2. Topical. ('What kinds of messages will the trainee need to handle?') This information is best given in the form of a list of problems or tasks. Some of these may involve social situations of interest to a broad spectrum of trainees, while others will be within special fields of interest or technical specialization.

3. Linguistic proficiency. (' How well will the student need to understand, speak, read and write the language?')

This information as it comes from spokesmen for the future audience will not be in technical linguistic terms, but will be stated functionally, perhaps somewhat as follows:

The trainee must learn to participate effectively in all general conversation; he must be able to discuss leprosy control and health education with reasonable ease; comprehension must be quite complete for a normal rate of speech; his vocabulary must be broad enough so that he rarely has to grope for a word; his accent may still be foreign, but his control of the grammar must be good enough so that his errors never interfere with understanding, and rarely disturb a native speaker.


The above statement, which is based on an official description of the Foreign Service Institute's widely-circulated S-3 rating, represents a rather high goal. Much less demanding would be:

The trainee must learn to ask and answer questions on topics that are very familiar to him; he may not understand even simple sentences unless they are repeated at a slower rate than normal speech; he may make frequent errors of pronunciation and grammar, and his speaking vocabulary may be inadequate to express anything but the most elementary needs, but he must be able to make himself understood to a native speaker who is used to dealing with foreigners; he must be able to take care of his need for food, street and road directions, matters of personal hygiene and cleanliness, including laundry, tell time, and handle basic courtesy requirements.


This, of course, describes only a very rudimentary (actually, pre-rudimentary) control, labelled S-l on the Foreign Service Institute's scale.

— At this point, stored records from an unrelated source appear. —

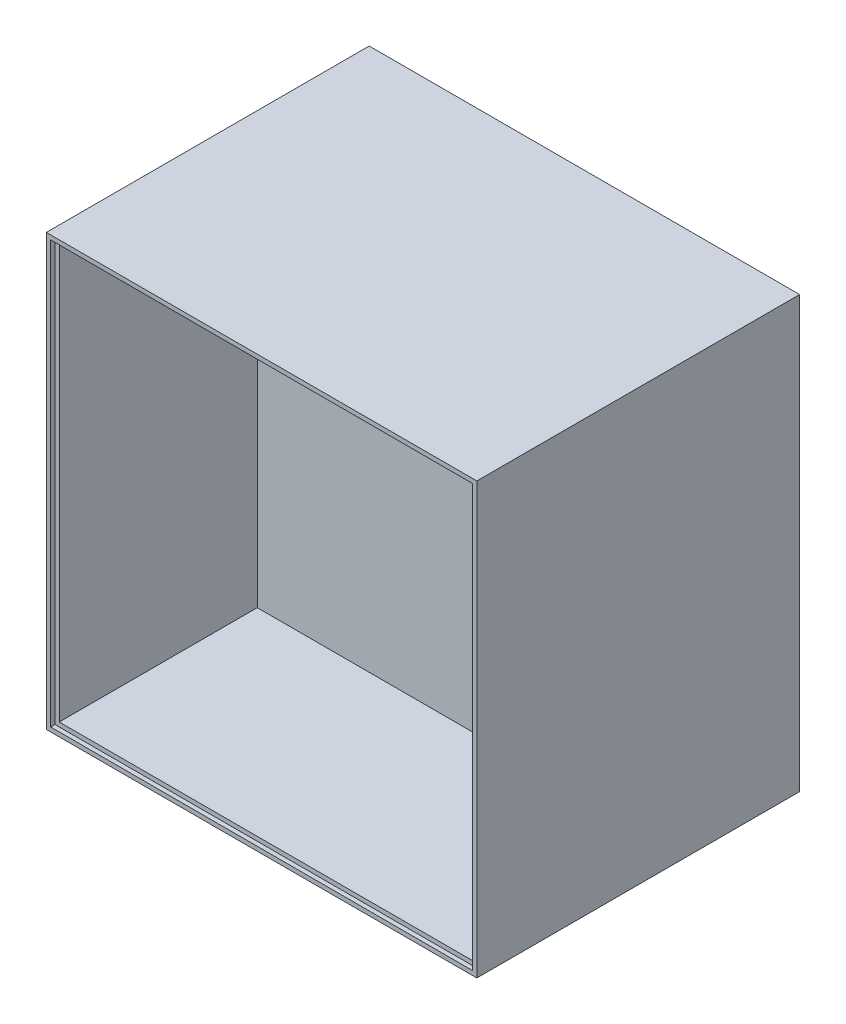
ISO-10303-21;
HEADER;
FILE_DESCRIPTION(('STEP AP214'),'2;1');
FILE_NAME('part.step','',(''),(''),'','','');
FILE_SCHEMA(('AUTOMOTIVE_DESIGN { 1 0 10303 214 1 1 1 1 }'));
ENDSEC;
DATA;
#1=APPLICATION_CONTEXT('core data for automotive mechanical design processes');
#2=APPLICATION_PROTOCOL_DEFINITION('international standard','automotive_design',2000,#1);
#3=PRODUCT_CONTEXT('',#1,'mechanical');
#4=PRODUCT('Part','Part','',(#3));
#5=PRODUCT_RELATED_PRODUCT_CATEGORY('part','',(#4));
#6=PRODUCT_DEFINITION_FORMATION('','',#4);
#7=PRODUCT_DEFINITION_CONTEXT('part definition',#1,'design');
#8=PRODUCT_DEFINITION('design','',#6,#7);
#9=PRODUCT_DEFINITION_SHAPE('','',#8);
#10=(LENGTH_UNIT() NAMED_UNIT(*) SI_UNIT(.MILLI.,.METRE.));
#11=(NAMED_UNIT(*) PLANE_ANGLE_UNIT() SI_UNIT($,.RADIAN.));
#12=(NAMED_UNIT(*) SI_UNIT($,.STERADIAN.) SOLID_ANGLE_UNIT());
#13=UNCERTAINTY_MEASURE_WITH_UNIT(LENGTH_MEASURE(1.E-05),#10,'distance_accuracy_value','');
#14=(GEOMETRIC_REPRESENTATION_CONTEXT(3) GLOBAL_UNCERTAINTY_ASSIGNED_CONTEXT((#13)) GLOBAL_UNIT_ASSIGNED_CONTEXT((#10,
#11,#12)) REPRESENTATION_CONTEXT('',''));
#15=CARTESIAN_POINT('',(0.,0.,0.));
#16=DIRECTION('',(0.,0.,1.));
#17=DIRECTION('',(1.,0.,0.));
#18=AXIS2_PLACEMENT_3D('',#15,#16,#17);
#19=CARTESIAN_POINT('',(0.,0.,150.));
#20=DIRECTION('',(0.,0.,1.));
#21=DIRECTION('',(1.,0.,0.));
#22=AXIS2_PLACEMENT_3D('',#19,#20,#21);
#23=PLANE('',#22);
#24=DIRECTION('',(1.,0.,0.));
#25=VECTOR('',#24,1.);
#26=CARTESIAN_POINT('',(0.,200.,150.));
#27=LINE('',#26,#25);
#28=CARTESIAN_POINT('',(0.,200.,150.));
#29=VERTEX_POINT('',#28);
#30=CARTESIAN_POINT('',(200.,200.,150.));
#31=VERTEX_POINT('',#30);
#32=EDGE_CURVE('E196',#29,#31,#27,.T.);
#33=ORIENTED_EDGE('',*,*,#32,.F.);
#34=DIRECTION('',(0.,1.,0.));
#35=VECTOR('',#34,1.);
#36=CARTESIAN_POINT('',(0.,0.,150.));
#37=LINE('',#36,#35);
#38=CARTESIAN_POINT('',(0.,0.,150.));
#39=VERTEX_POINT('',#38);
#40=EDGE_CURVE('E204',#39,#29,#37,.T.);
#41=ORIENTED_EDGE('',*,*,#40,.F.);
#42=DIRECTION('',(1.,0.,0.));
#43=VECTOR('',#42,1.);
#44=CARTESIAN_POINT('',(0.,0.,150.));
#45=LINE('',#44,#43);
#46=CARTESIAN_POINT('',(200.,0.,150.));
#47=VERTEX_POINT('',#46);
#48=EDGE_CURVE('E202',#39,#47,#45,.T.);
#49=ORIENTED_EDGE('',*,*,#48,.T.);
#50=DIRECTION('',(0.,1.,0.));
#51=VECTOR('',#50,1.);
#52=CARTESIAN_POINT('',(200.,0.,150.));
#53=LINE('',#52,#51);
#54=EDGE_CURVE('E199',#47,#31,#53,.T.);
#55=ORIENTED_EDGE('',*,*,#54,.T.);
#56=EDGE_LOOP('',(#33,#41,#49,#55));
#57=FACE_BOUND('',#56,.T.);
#58=DIRECTION('',(0.,1.,0.));
#59=VECTOR('',#58,1.);
#60=CARTESIAN_POINT('',(1.99999999999995,2.,150.));
#61=LINE('',#60,#59);
#62=CARTESIAN_POINT('',(1.99999999999995,2.,150.));
#63=VERTEX_POINT('',#62);
#64=CARTESIAN_POINT('',(1.99999999999995,198.,150.));
#65=VERTEX_POINT('',#64);
#66=EDGE_CURVE('E170',#63,#65,#61,.T.);
#67=ORIENTED_EDGE('',*,*,#66,.T.);
#68=DIRECTION('',(1.,0.,0.));
#69=VECTOR('',#68,1.);
#70=CARTESIAN_POINT('',(1.99999999999995,198.,150.));
#71=LINE('',#70,#69);
#72=CARTESIAN_POINT('',(198.,198.,150.));
#73=VERTEX_POINT('',#72);
#74=EDGE_CURVE('E61',#65,#73,#71,.T.);
#75=ORIENTED_EDGE('',*,*,#74,.T.);
#76=DIRECTION('',(0.,1.,0.));
#77=VECTOR('',#76,1.);
#78=CARTESIAN_POINT('',(198.,2.,150.));
#79=LINE('',#78,#77);
#80=CARTESIAN_POINT('',(198.,2.,150.));
#81=VERTEX_POINT('',#80);
#82=EDGE_CURVE('E180',#81,#73,#79,.T.);
#83=ORIENTED_EDGE('',*,*,#82,.F.);
#84=DIRECTION('',(1.,0.,0.));
#85=VECTOR('',#84,1.);
#86=CARTESIAN_POINT('',(1.99999999999995,2.,150.));
#87=LINE('',#86,#85);
#88=EDGE_CURVE('E183',#63,#81,#87,.T.);
#89=ORIENTED_EDGE('',*,*,#88,.F.);
#90=EDGE_LOOP('',(#67,#75,#83,#89));
#91=FACE_BOUND('',#90,.T.);
#92=ADVANCED_FACE('F36',(#57,#91),#23,.T.);
#93=CARTESIAN_POINT('',(0.,200.,150.));
#94=DIRECTION('',(0.,1.,0.));
#95=DIRECTION('',(0.,0.,1.));
#96=AXIS2_PLACEMENT_3D('',#93,#94,#95);
#97=PLANE('',#96);
#98=DIRECTION('',(1.,0.,0.));
#99=VECTOR('',#98,1.);
#100=CARTESIAN_POINT('',(0.,200.,0.));
#101=LINE('',#100,#99);
#102=CARTESIAN_POINT('',(0.,200.,0.));
#103=VERTEX_POINT('',#102);
#104=CARTESIAN_POINT('',(200.,200.,0.));
#105=VERTEX_POINT('',#104);
#106=EDGE_CURVE('E195',#103,#105,#101,.T.);
#107=ORIENTED_EDGE('',*,*,#106,.F.);
#108=DIRECTION('',(0.,0.,-1.));
#109=VECTOR('',#108,1.);
#110=CARTESIAN_POINT('',(0.,200.,150.));
#111=LINE('',#110,#109);
#112=EDGE_CURVE('E11',#29,#103,#111,.T.);
#113=ORIENTED_EDGE('',*,*,#112,.F.);
#114=ORIENTED_EDGE('',*,*,#32,.T.);
#115=DIRECTION('',(0.,0.,-1.));
#116=VECTOR('',#115,1.);
#117=CARTESIAN_POINT('',(200.,200.,150.));
#118=LINE('',#117,#116);
#119=EDGE_CURVE('E40',#31,#105,#118,.T.);
#120=ORIENTED_EDGE('',*,*,#119,.T.);
#121=EDGE_LOOP('',(#107,#113,#114,#120));
#122=FACE_BOUND('',#121,.T.);
#123=ADVANCED_FACE('F38',(#122),#97,.T.);
#124=CARTESIAN_POINT('',(0.,0.,150.));
#125=DIRECTION('',(-1.,0.,0.));
#126=DIRECTION('',(0.,0.,1.));
#127=AXIS2_PLACEMENT_3D('',#124,#125,#126);
#128=PLANE('',#127);
#129=DIRECTION('',(0.,1.,0.));
#130=VECTOR('',#129,1.);
#131=CARTESIAN_POINT('',(0.,0.,0.));
#132=LINE('',#131,#130);
#133=CARTESIAN_POINT('',(0.,0.,0.));
#134=VERTEX_POINT('',#133);
#135=EDGE_CURVE('E200',#134,#103,#132,.T.);
#136=ORIENTED_EDGE('',*,*,#135,.F.);
#137=DIRECTION('',(0.,0.,-1.));
#138=VECTOR('',#137,1.);
#139=CARTESIAN_POINT('',(0.,0.,150.));
#140=LINE('',#139,#138);
#141=EDGE_CURVE('E45',#39,#134,#140,.T.);
#142=ORIENTED_EDGE('',*,*,#141,.F.);
#143=ORIENTED_EDGE('',*,*,#40,.T.);
#144=ORIENTED_EDGE('',*,*,#112,.T.);
#145=EDGE_LOOP('',(#136,#142,#143,#144));
#146=FACE_BOUND('',#145,.T.);
#147=ADVANCED_FACE('F232',(#146),#128,.T.);
#148=CARTESIAN_POINT('',(0.,0.,150.));
#149=DIRECTION('',(0.,1.,0.));
#150=DIRECTION('',(0.,0.,1.));
#151=AXIS2_PLACEMENT_3D('',#148,#149,#150);
#152=PLANE('',#151);
#153=DIRECTION('',(1.,0.,0.));
#154=VECTOR('',#153,1.);
#155=CARTESIAN_POINT('',(0.,0.,0.));
#156=LINE('',#155,#154);
#157=CARTESIAN_POINT('',(200.,0.,0.));
#158=VERTEX_POINT('',#157);
#159=EDGE_CURVE('E212',#134,#158,#156,.T.);
#160=ORIENTED_EDGE('',*,*,#159,.T.);
#161=DIRECTION('',(0.,0.,-1.));
#162=VECTOR('',#161,1.);
#163=CARTESIAN_POINT('',(200.,0.,150.));
#164=LINE('',#163,#162);
#165=EDGE_CURVE('E216',#47,#158,#164,.T.);
#166=ORIENTED_EDGE('',*,*,#165,.F.);
#167=ORIENTED_EDGE('',*,*,#48,.F.);
#168=ORIENTED_EDGE('',*,*,#141,.T.);
#169=EDGE_LOOP('',(#160,#166,#167,#168));
#170=FACE_BOUND('',#169,.T.);
#171=ADVANCED_FACE('F238',(#170),#152,.F.);
#172=CARTESIAN_POINT('',(200.,0.,150.));
#173=DIRECTION('',(-1.,0.,0.));
#174=DIRECTION('',(0.,0.,1.));
#175=AXIS2_PLACEMENT_3D('',#172,#173,#174);
#176=PLANE('',#175);
#177=DIRECTION('',(0.,1.,0.));
#178=VECTOR('',#177,1.);
#179=CARTESIAN_POINT('',(200.,0.,0.));
#180=LINE('',#179,#178);
#181=EDGE_CURVE('E209',#158,#105,#180,.T.);
#182=ORIENTED_EDGE('',*,*,#181,.T.);
#183=ORIENTED_EDGE('',*,*,#119,.F.);
#184=ORIENTED_EDGE('',*,*,#54,.F.);
#185=ORIENTED_EDGE('',*,*,#165,.T.);
#186=EDGE_LOOP('',(#182,#183,#184,#185));
#187=FACE_BOUND('',#186,.T.);
#188=ADVANCED_FACE('F226',(#187),#176,.F.);
#189=CARTESIAN_POINT('',(0.,0.,0.));
#190=DIRECTION('',(0.,0.,1.));
#191=DIRECTION('',(1.,0.,0.));
#192=AXIS2_PLACEMENT_3D('',#189,#190,#191);
#193=PLANE('',#192);
#194=ORIENTED_EDGE('',*,*,#106,.T.);
#195=ORIENTED_EDGE('',*,*,#181,.F.);
#196=ORIENTED_EDGE('',*,*,#159,.F.);
#197=ORIENTED_EDGE('',*,*,#135,.T.);
#198=EDGE_LOOP('',(#194,#195,#196,#197));
#199=FACE_BOUND('',#198,.T.);
#200=ADVANCED_FACE('F229',(#199),#193,.F.);
#201=CARTESIAN_POINT('',(1.99999999999995,198.,148.));
#202=DIRECTION('',(0.,-1.,0.));
#203=DIRECTION('',(0.,0.,-1.));
#204=AXIS2_PLACEMENT_3D('',#201,#202,#203);
#205=PLANE('',#204);
#206=ORIENTED_EDGE('',*,*,#74,.F.);
#207=DIRECTION('',(0.,0.,1.));
#208=VECTOR('',#207,1.);
#209=CARTESIAN_POINT('',(1.99999999999995,198.,148.));
#210=LINE('',#209,#208);
#211=CARTESIAN_POINT('',(1.99999999999995,198.,148.));
#212=VERTEX_POINT('',#211);
#213=EDGE_CURVE('E178',#212,#65,#210,.T.);
#214=ORIENTED_EDGE('',*,*,#213,.F.);
#215=DIRECTION('',(1.,0.,0.));
#216=VECTOR('',#215,1.);
#217=CARTESIAN_POINT('',(1.99999999999995,198.,148.));
#218=LINE('',#217,#216);
#219=CARTESIAN_POINT('',(198.,198.,148.));
#220=VERTEX_POINT('',#219);
#221=EDGE_CURVE('E167',#212,#220,#218,.T.);
#222=ORIENTED_EDGE('',*,*,#221,.T.);
#223=DIRECTION('',(0.,0.,1.));
#224=VECTOR('',#223,1.);
#225=CARTESIAN_POINT('',(198.,198.,148.));
#226=LINE('',#225,#224);
#227=EDGE_CURVE('E193',#220,#73,#226,.T.);
#228=ORIENTED_EDGE('',*,*,#227,.T.);
#229=EDGE_LOOP('',(#206,#214,#222,#228));
#230=FACE_BOUND('',#229,.T.);
#231=ADVANCED_FACE('F253',(#230),#205,.T.);
#232=CARTESIAN_POINT('',(198.,2.,148.));
#233=DIRECTION('',(1.,0.,0.));
#234=DIRECTION('',(0.,0.,-1.));
#235=AXIS2_PLACEMENT_3D('',#232,#233,#234);
#236=PLANE('',#235);
#237=ORIENTED_EDGE('',*,*,#82,.T.);
#238=ORIENTED_EDGE('',*,*,#227,.F.);
#239=DIRECTION('',(0.,1.,0.));
#240=VECTOR('',#239,1.);
#241=CARTESIAN_POINT('',(198.,2.,148.));
#242=LINE('',#241,#240);
#243=CARTESIAN_POINT('',(198.,2.,148.));
#244=VERTEX_POINT('',#243);
#245=EDGE_CURVE('E169',#244,#220,#242,.T.);
#246=ORIENTED_EDGE('',*,*,#245,.F.);
#247=DIRECTION('',(0.,0.,1.));
#248=VECTOR('',#247,1.);
#249=CARTESIAN_POINT('',(198.,2.,148.));
#250=LINE('',#249,#248);
#251=EDGE_CURVE('E191',#244,#81,#250,.T.);
#252=ORIENTED_EDGE('',*,*,#251,.T.);
#253=EDGE_LOOP('',(#237,#238,#246,#252));
#254=FACE_BOUND('',#253,.T.);
#255=ADVANCED_FACE('F259',(#254),#236,.F.);
#256=CARTESIAN_POINT('',(1.99999999999995,2.,148.));
#257=DIRECTION('',(0.,-1.,0.));
#258=DIRECTION('',(0.,0.,-1.));
#259=AXIS2_PLACEMENT_3D('',#256,#257,#258);
#260=PLANE('',#259);
#261=ORIENTED_EDGE('',*,*,#88,.T.);
#262=ORIENTED_EDGE('',*,*,#251,.F.);
#263=DIRECTION('',(1.,0.,0.));
#264=VECTOR('',#263,1.);
#265=CARTESIAN_POINT('',(1.99999999999995,2.,148.));
#266=LINE('',#265,#264);
#267=CARTESIAN_POINT('',(1.99999999999995,2.,148.));
#268=VERTEX_POINT('',#267);
#269=EDGE_CURVE('E173',#268,#244,#266,.T.);
#270=ORIENTED_EDGE('',*,*,#269,.F.);
#271=DIRECTION('',(0.,0.,1.));
#272=VECTOR('',#271,1.);
#273=CARTESIAN_POINT('',(1.99999999999995,2.,148.));
#274=LINE('',#273,#272);
#275=EDGE_CURVE('E189',#268,#63,#274,.T.);
#276=ORIENTED_EDGE('',*,*,#275,.T.);
#277=EDGE_LOOP('',(#261,#262,#270,#276));
#278=FACE_BOUND('',#277,.T.);
#279=ADVANCED_FACE('F263',(#278),#260,.F.);
#280=CARTESIAN_POINT('',(1.99999999999995,2.,148.));
#281=DIRECTION('',(1.,0.,0.));
#282=DIRECTION('',(0.,0.,-1.));
#283=AXIS2_PLACEMENT_3D('',#280,#281,#282);
#284=PLANE('',#283);
#285=ORIENTED_EDGE('',*,*,#66,.F.);
#286=ORIENTED_EDGE('',*,*,#275,.F.);
#287=DIRECTION('',(0.,1.,0.));
#288=VECTOR('',#287,1.);
#289=CARTESIAN_POINT('',(1.99999999999995,2.,148.));
#290=LINE('',#289,#288);
#291=EDGE_CURVE('E176',#268,#212,#290,.T.);
#292=ORIENTED_EDGE('',*,*,#291,.T.);
#293=ORIENTED_EDGE('',*,*,#213,.T.);
#294=EDGE_LOOP('',(#285,#286,#292,#293));
#295=FACE_BOUND('',#294,.T.);
#296=ADVANCED_FACE('F268',(#295),#284,.T.);
#297=CARTESIAN_POINT('',(0.,0.,148.));
#298=DIRECTION('',(0.,0.,1.));
#299=DIRECTION('',(1.,0.,0.));
#300=AXIS2_PLACEMENT_3D('',#297,#298,#299);
#301=PLANE('',#300);
#302=DIRECTION('',(0.,1.,0.));
#303=VECTOR('',#302,1.);
#304=CARTESIAN_POINT('',(196.,4.,148.));
#305=LINE('',#304,#303);
#306=CARTESIAN_POINT('',(196.,4.,148.));
#307=VERTEX_POINT('',#306);
#308=CARTESIAN_POINT('',(196.,196.,148.));
#309=VERTEX_POINT('',#308);
#310=EDGE_CURVE('E134',#307,#309,#305,.T.);
#311=ORIENTED_EDGE('',*,*,#310,.F.);
#312=DIRECTION('',(1.,0.,0.));
#313=VECTOR('',#312,1.);
#314=CARTESIAN_POINT('',(4.,4.,148.));
#315=LINE('',#314,#313);
#316=CARTESIAN_POINT('',(4.,4.,148.));
#317=VERTEX_POINT('',#316);
#318=EDGE_CURVE('E151',#317,#307,#315,.T.);
#319=ORIENTED_EDGE('',*,*,#318,.F.);
#320=DIRECTION('',(0.,-1.,0.));
#321=VECTOR('',#320,1.);
#322=CARTESIAN_POINT('',(4.,4.,148.));
#323=LINE('',#322,#321);
#324=CARTESIAN_POINT('',(4.,196.,148.));
#325=VERTEX_POINT('',#324);
#326=EDGE_CURVE('E53',#325,#317,#323,.T.);
#327=ORIENTED_EDGE('',*,*,#326,.F.);
#328=DIRECTION('',(-1.,0.,0.));
#329=VECTOR('',#328,1.);
#330=CARTESIAN_POINT('',(4.,196.,148.));
#331=LINE('',#330,#329);
#332=EDGE_CURVE('E159',#309,#325,#331,.T.);
#333=ORIENTED_EDGE('',*,*,#332,.F.);
#334=EDGE_LOOP('',(#311,#319,#327,#333));
#335=FACE_BOUND('',#334,.T.);
#336=ORIENTED_EDGE('',*,*,#221,.F.);
#337=ORIENTED_EDGE('',*,*,#291,.F.);
#338=ORIENTED_EDGE('',*,*,#269,.T.);
#339=ORIENTED_EDGE('',*,*,#245,.T.);
#340=EDGE_LOOP('',(#336,#337,#338,#339));
#341=FACE_BOUND('',#340,.T.);
#342=ADVANCED_FACE('F274',(#335,#341),#301,.T.);
#343=CARTESIAN_POINT('',(196.,4.,56.));
#344=DIRECTION('',(1.,0.,0.));
#345=DIRECTION('',(0.,0.,-1.));
#346=AXIS2_PLACEMENT_3D('',#343,#344,#345);
#347=PLANE('',#346);
#348=ORIENTED_EDGE('',*,*,#310,.T.);
#349=DIRECTION('',(0.,0.,1.));
#350=VECTOR('',#349,1.);
#351=CARTESIAN_POINT('',(196.,196.,56.));
#352=LINE('',#351,#350);
#353=CARTESIAN_POINT('',(196.,196.,56.));
#354=VERTEX_POINT('',#353);
#355=EDGE_CURVE('E127',#354,#309,#352,.T.);
#356=ORIENTED_EDGE('',*,*,#355,.F.);
#357=DIRECTION('',(0.,1.,0.));
#358=VECTOR('',#357,1.);
#359=CARTESIAN_POINT('',(196.,4.,56.));
#360=LINE('',#359,#358);
#361=CARTESIAN_POINT('',(196.,4.,56.));
#362=VERTEX_POINT('',#361);
#363=EDGE_CURVE('E131',#362,#354,#360,.T.);
#364=ORIENTED_EDGE('',*,*,#363,.F.);
#365=DIRECTION('',(0.,0.,1.));
#366=VECTOR('',#365,1.);
#367=CARTESIAN_POINT('',(196.,4.,56.));
#368=LINE('',#367,#366);
#369=EDGE_CURVE('E162',#362,#307,#368,.T.);
#370=ORIENTED_EDGE('',*,*,#369,.T.);
#371=EDGE_LOOP('',(#348,#356,#364,#370));
#372=FACE_BOUND('',#371,.T.);
#373=ADVANCED_FACE('F129',(#372),#347,.F.);
#374=CARTESIAN_POINT('',(4.,4.,56.));
#375=DIRECTION('',(0.,-1.,0.));
#376=DIRECTION('',(0.,0.,-1.));
#377=AXIS2_PLACEMENT_3D('',#374,#375,#376);
#378=PLANE('',#377);
#379=ORIENTED_EDGE('',*,*,#318,.T.);
#380=ORIENTED_EDGE('',*,*,#369,.F.);
#381=DIRECTION('',(1.,0.,0.));
#382=VECTOR('',#381,1.);
#383=CARTESIAN_POINT('',(4.,4.,56.));
#384=LINE('',#383,#382);
#385=CARTESIAN_POINT('',(4.,4.,56.));
#386=VERTEX_POINT('',#385);
#387=EDGE_CURVE('E139',#386,#362,#384,.T.);
#388=ORIENTED_EDGE('',*,*,#387,.F.);
#389=DIRECTION('',(0.,0.,1.));
#390=VECTOR('',#389,1.);
#391=CARTESIAN_POINT('',(4.,4.,56.));
#392=LINE('',#391,#390);
#393=EDGE_CURVE('E164',#386,#317,#392,.T.);
#394=ORIENTED_EDGE('',*,*,#393,.T.);
#395=EDGE_LOOP('',(#379,#380,#388,#394));
#396=FACE_BOUND('',#395,.T.);
#397=ADVANCED_FACE('F281',(#396),#378,.F.);
#398=CARTESIAN_POINT('',(4.,4.,56.));
#399=DIRECTION('',(-1.,0.,0.));
#400=DIRECTION('',(0.,0.,1.));
#401=AXIS2_PLACEMENT_3D('',#398,#399,#400);
#402=PLANE('',#401);
#403=ORIENTED_EDGE('',*,*,#326,.T.);
#404=ORIENTED_EDGE('',*,*,#393,.F.);
#405=DIRECTION('',(0.,-1.,0.));
#406=VECTOR('',#405,1.);
#407=CARTESIAN_POINT('',(4.,4.,56.));
#408=LINE('',#407,#406);
#409=CARTESIAN_POINT('',(4.,196.,56.));
#410=VERTEX_POINT('',#409);
#411=EDGE_CURVE('E147',#410,#386,#408,.T.);
#412=ORIENTED_EDGE('',*,*,#411,.F.);
#413=DIRECTION('',(0.,0.,1.));
#414=VECTOR('',#413,1.);
#415=CARTESIAN_POINT('',(4.,196.,56.));
#416=LINE('',#415,#414);
#417=EDGE_CURVE('E138',#410,#325,#416,.T.);
#418=ORIENTED_EDGE('',*,*,#417,.T.);
#419=EDGE_LOOP('',(#403,#404,#412,#418));
#420=FACE_BOUND('',#419,.T.);
#421=ADVANCED_FACE('F284',(#420),#402,.F.);
#422=CARTESIAN_POINT('',(4.,196.,56.));
#423=DIRECTION('',(0.,1.,0.));
#424=DIRECTION('',(0.,0.,1.));
#425=AXIS2_PLACEMENT_3D('',#422,#423,#424);
#426=PLANE('',#425);
#427=ORIENTED_EDGE('',*,*,#332,.T.);
#428=ORIENTED_EDGE('',*,*,#417,.F.);
#429=DIRECTION('',(-1.,0.,0.));
#430=VECTOR('',#429,1.);
#431=CARTESIAN_POINT('',(4.,196.,56.));
#432=LINE('',#431,#430);
#433=EDGE_CURVE('E142',#354,#410,#432,.T.);
#434=ORIENTED_EDGE('',*,*,#433,.F.);
#435=ORIENTED_EDGE('',*,*,#355,.T.);
#436=EDGE_LOOP('',(#427,#428,#434,#435));
#437=FACE_BOUND('',#436,.T.);
#438=ADVANCED_FACE('F143',(#437),#426,.F.);
#439=CARTESIAN_POINT('',(0.,0.,56.));
#440=DIRECTION('',(0.,0.,-1.));
#441=DIRECTION('',(-1.,0.,0.));
#442=AXIS2_PLACEMENT_3D('',#439,#440,#441);
#443=PLANE('',#442);
#444=ORIENTED_EDGE('',*,*,#363,.T.);
#445=ORIENTED_EDGE('',*,*,#433,.T.);
#446=ORIENTED_EDGE('',*,*,#411,.T.);
#447=ORIENTED_EDGE('',*,*,#387,.T.);
#448=EDGE_LOOP('',(#444,#445,#446,#447));
#449=FACE_BOUND('',#448,.T.);
#450=ADVANCED_FACE('F149',(#449),#443,.F.);
#451=CLOSED_SHELL('',(#92,#123,#147,#171,#188,#200,#231,#255,#279,#296,#342,#373,#397,#421,#438,#450));
#452=MANIFOLD_SOLID_BREP('B2',#451);
#453=ADVANCED_BREP_SHAPE_REPRESENTATION('',(#18,#452),#14);
#454=SHAPE_DEFINITION_REPRESENTATION(#9,#453);
ENDSEC;
END-ISO-10303-21;

In between these two is S-2:

The trainee must learn to handle with confidence, though perhaps not with facility, most social situations including introductions and casual conversations about his work, family and autobiographical information; the same applies to limited business requirements, in that he must be able to handle routine matters even though he may need help with complications; he should be able to understand most conversations on non-technical subjects and have a speaking vocabulary sufficient to express himself simply with some circumlocutions; his accent must be intelligible; his control of the grammar, even though it may not be thorough or confident, should enable him to handle elementary constructions quite accurately.

The above descriptions are intended to be suggestive, but are not recommended for adoption.

Anyone who tries to use them in any real situation will want to be much more specific in some respects, but in many situations they will be inappropriate even as bases for amplification.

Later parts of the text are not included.